What needs to be done:
Copy out the data word for word, without any of its pictures.

Extracted material:
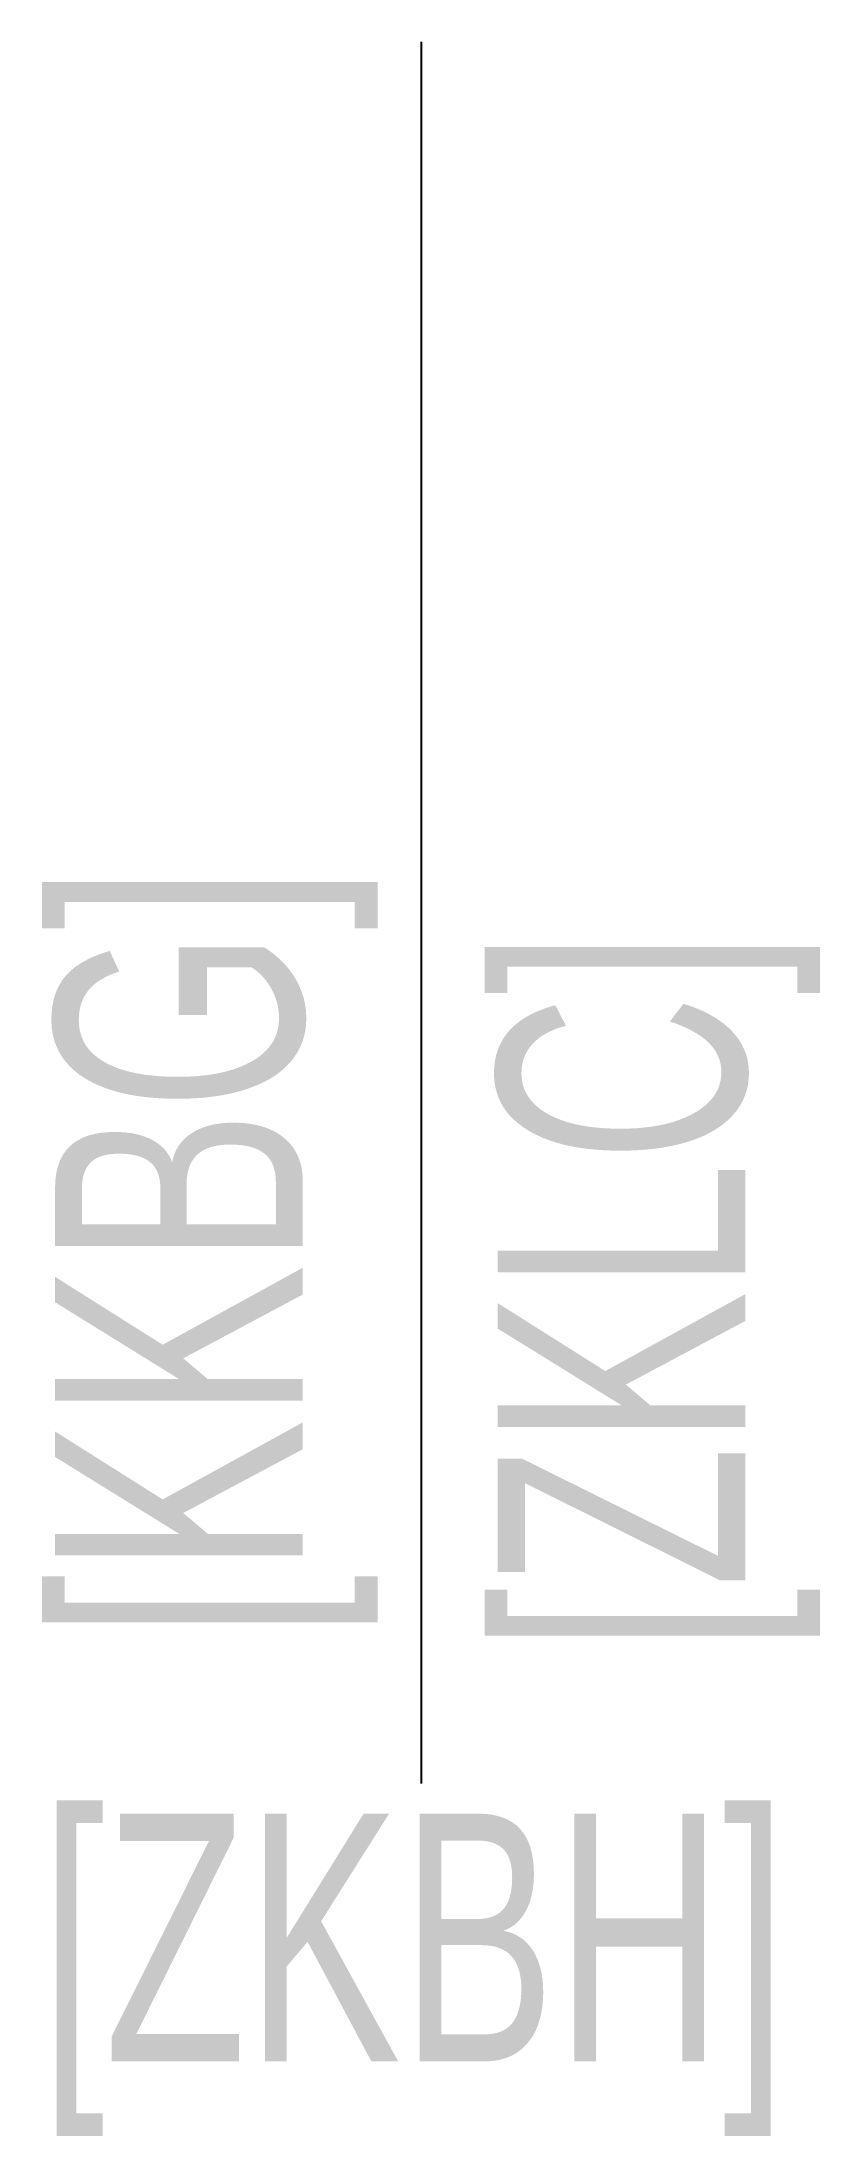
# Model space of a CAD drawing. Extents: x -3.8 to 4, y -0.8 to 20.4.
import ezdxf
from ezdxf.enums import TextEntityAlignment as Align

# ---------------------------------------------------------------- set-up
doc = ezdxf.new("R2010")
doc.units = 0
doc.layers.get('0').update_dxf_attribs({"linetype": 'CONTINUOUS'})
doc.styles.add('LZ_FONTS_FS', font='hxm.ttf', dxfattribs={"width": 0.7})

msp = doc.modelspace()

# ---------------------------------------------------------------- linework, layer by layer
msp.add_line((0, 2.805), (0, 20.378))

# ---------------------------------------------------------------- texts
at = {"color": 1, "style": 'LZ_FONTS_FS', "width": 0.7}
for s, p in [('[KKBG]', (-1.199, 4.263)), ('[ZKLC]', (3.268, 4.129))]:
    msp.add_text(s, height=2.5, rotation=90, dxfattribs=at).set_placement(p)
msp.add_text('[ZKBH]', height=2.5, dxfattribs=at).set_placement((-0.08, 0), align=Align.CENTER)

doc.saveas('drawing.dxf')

Exercise response:
# Model space of a CAD drawing. Extents: x -3.8 to 4, y -0.8 to 20.4.
import ezdxf
from ezdxf.enums import TextEntityAlignment as Align

# ---------------------------------------------------------------- set-up
doc = ezdxf.new("R2010")
doc.units = 0
doc.layers.get('0').update_dxf_attribs({"linetype": 'CONTINUOUS'})
doc.styles.add('LZ_FONTS_FS', font='hxm.ttf', dxfattribs={"width": 0.7})

msp = doc.modelspace()

# ---------------------------------------------------------------- linework, layer by layer
msp.add_line((0, 2.805), (0, 20.378))

# ---------------------------------------------------------------- texts
at = {"color": 1, "style": 'LZ_FONTS_FS', "width": 0.7}
for s, p in [('[KKBG]', (-1.199, 4.263)), ('[ZKLC]', (3.268, 4.129))]:
    msp.add_text(s, height=2.5, rotation=90, dxfattribs=at).set_placement(p)
msp.add_text('[ZKBH]', height=2.5, dxfattribs=at).set_placement((-0.08, 0), align=Align.CENTER)

doc.saveas('drawing.dxf')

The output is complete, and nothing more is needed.